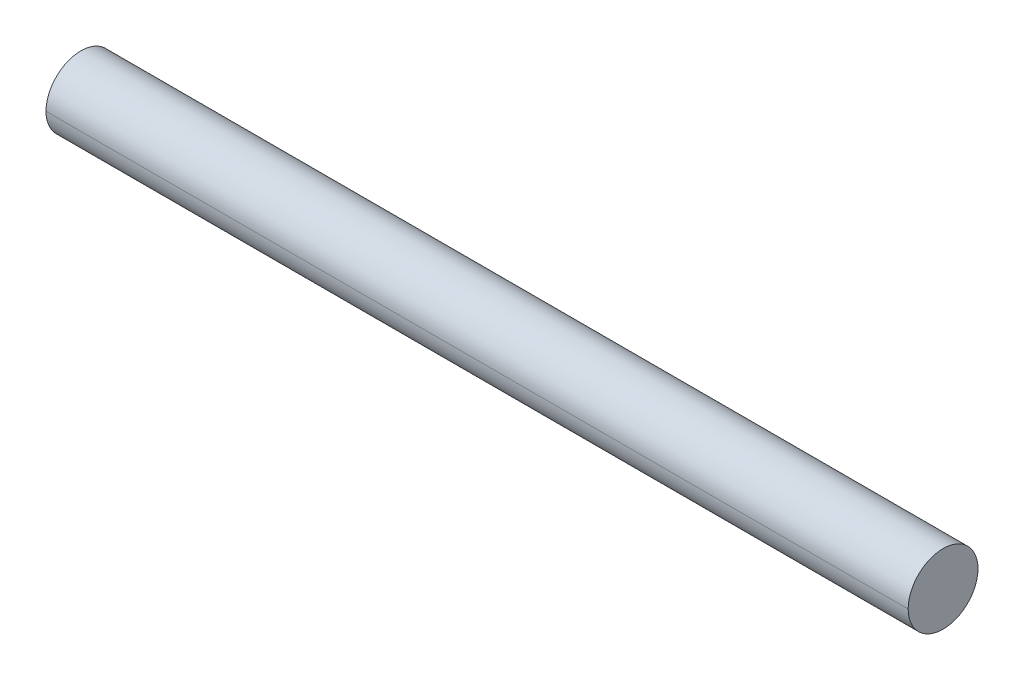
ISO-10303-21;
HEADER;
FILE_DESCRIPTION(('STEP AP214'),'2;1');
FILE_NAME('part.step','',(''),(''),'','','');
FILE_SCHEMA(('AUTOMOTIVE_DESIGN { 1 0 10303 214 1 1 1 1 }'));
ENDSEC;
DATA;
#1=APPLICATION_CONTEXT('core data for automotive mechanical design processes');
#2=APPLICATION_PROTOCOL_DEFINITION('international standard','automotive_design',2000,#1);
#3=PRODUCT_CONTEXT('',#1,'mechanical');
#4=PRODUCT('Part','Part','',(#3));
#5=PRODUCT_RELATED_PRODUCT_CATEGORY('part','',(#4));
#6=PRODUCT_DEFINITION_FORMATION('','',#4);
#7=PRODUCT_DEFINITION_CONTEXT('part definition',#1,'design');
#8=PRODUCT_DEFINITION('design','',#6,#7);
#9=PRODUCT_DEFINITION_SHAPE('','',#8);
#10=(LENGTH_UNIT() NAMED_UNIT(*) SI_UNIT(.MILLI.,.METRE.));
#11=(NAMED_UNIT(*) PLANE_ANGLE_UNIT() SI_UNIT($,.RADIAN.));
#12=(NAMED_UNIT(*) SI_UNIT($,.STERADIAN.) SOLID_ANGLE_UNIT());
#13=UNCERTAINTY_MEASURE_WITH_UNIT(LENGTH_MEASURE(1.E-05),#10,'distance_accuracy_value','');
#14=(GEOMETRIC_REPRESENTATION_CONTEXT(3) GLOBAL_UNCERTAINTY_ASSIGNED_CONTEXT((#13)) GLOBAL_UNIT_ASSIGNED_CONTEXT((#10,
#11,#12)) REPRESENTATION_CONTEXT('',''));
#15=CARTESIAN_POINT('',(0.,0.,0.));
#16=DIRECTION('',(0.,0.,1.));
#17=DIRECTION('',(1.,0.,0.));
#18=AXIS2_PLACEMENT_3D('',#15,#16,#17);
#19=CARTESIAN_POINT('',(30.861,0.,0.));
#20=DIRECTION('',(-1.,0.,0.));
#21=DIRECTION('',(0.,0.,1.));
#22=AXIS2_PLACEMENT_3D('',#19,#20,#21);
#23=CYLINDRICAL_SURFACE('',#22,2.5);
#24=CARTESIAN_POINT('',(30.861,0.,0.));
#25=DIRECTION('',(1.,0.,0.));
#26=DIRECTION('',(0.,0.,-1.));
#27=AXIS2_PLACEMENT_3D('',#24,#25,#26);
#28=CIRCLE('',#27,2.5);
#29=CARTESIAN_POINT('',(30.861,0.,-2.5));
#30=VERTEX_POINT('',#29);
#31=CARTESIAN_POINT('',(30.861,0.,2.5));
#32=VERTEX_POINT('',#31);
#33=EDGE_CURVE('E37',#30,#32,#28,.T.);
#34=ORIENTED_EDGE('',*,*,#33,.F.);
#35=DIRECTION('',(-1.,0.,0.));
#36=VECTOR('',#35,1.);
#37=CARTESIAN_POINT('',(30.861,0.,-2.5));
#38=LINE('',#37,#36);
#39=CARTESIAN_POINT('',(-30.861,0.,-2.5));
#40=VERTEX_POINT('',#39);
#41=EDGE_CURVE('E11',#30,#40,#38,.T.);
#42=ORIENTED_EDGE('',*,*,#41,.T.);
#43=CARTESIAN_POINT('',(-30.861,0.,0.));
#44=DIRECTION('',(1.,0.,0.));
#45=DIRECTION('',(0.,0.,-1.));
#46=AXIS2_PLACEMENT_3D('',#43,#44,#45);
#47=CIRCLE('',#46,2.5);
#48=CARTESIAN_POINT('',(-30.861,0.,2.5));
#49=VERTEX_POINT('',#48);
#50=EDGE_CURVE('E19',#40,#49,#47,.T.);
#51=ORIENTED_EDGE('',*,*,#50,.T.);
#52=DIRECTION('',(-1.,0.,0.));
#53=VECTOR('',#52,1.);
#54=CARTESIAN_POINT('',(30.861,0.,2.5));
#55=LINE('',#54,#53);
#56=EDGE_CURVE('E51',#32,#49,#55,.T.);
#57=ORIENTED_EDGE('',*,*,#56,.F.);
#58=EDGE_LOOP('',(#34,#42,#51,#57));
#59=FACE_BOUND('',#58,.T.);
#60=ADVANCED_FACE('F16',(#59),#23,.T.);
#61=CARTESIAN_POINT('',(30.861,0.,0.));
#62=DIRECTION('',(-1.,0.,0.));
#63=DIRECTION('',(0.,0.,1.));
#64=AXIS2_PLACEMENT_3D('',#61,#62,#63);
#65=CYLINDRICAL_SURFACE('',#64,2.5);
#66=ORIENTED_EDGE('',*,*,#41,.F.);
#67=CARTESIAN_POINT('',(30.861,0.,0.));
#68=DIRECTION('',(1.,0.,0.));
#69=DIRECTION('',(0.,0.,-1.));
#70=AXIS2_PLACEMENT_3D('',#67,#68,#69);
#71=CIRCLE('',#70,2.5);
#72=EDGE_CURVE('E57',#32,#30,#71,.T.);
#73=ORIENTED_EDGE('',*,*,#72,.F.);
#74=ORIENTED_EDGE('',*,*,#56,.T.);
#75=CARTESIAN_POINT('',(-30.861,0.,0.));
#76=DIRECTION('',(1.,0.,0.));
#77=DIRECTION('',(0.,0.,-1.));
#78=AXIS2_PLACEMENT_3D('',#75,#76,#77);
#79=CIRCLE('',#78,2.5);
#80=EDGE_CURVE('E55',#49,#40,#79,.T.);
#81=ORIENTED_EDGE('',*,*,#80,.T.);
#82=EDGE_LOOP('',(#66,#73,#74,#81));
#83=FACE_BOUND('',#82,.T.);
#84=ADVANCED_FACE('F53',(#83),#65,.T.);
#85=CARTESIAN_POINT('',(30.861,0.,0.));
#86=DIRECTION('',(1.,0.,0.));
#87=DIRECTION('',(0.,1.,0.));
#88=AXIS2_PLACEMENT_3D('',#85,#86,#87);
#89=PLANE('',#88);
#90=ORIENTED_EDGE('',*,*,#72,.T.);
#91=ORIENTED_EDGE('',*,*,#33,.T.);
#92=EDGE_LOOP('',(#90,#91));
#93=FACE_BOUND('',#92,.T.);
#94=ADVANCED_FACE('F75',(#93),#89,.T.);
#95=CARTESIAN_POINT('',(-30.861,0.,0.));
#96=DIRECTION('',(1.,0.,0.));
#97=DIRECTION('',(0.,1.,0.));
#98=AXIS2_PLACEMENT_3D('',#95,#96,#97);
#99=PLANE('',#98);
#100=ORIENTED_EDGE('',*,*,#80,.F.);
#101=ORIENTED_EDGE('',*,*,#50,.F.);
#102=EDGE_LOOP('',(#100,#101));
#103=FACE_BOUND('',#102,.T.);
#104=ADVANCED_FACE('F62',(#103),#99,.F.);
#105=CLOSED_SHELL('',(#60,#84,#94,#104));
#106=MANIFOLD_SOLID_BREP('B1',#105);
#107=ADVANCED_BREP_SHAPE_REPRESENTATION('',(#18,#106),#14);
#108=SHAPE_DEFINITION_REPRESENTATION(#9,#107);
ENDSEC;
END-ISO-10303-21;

==============================

Problem to work on: Using the data above, reproduce exactly the lines from the line that contains "FILE_NAME('part.step','',(''),(''),'','','');" through the line that contains "#10=(LENGTH_UNIT() NAMED_UNIT(*) SI_UNIT(.MILLI.,.METRE.));", including both.

Answer to this problem:
FILE_NAME('part.step','',(''),(''),'','','');
FILE_SCHEMA(('AUTOMOTIVE_DESIGN { 1 0 10303 214 1 1 1 1 }'));
ENDSEC;
DATA;
#1=APPLICATION_CONTEXT('core data for automotive mechanical design processes');
#2=APPLICATION_PROTOCOL_DEFINITION('international standard','automotive_design',2000,#1);
#3=PRODUCT_CONTEXT('',#1,'mechanical');
#4=PRODUCT('Part','Part','',(#3));
#5=PRODUCT_RELATED_PRODUCT_CATEGORY('part','',(#4));
#6=PRODUCT_DEFINITION_FORMATION('','',#4);
#7=PRODUCT_DEFINITION_CONTEXT('part definition',#1,'design');
#8=PRODUCT_DEFINITION('design','',#6,#7);
#9=PRODUCT_DEFINITION_SHAPE('','',#8);
#10=(LENGTH_UNIT() NAMED_UNIT(*) SI_UNIT(.MILLI.,.METRE.));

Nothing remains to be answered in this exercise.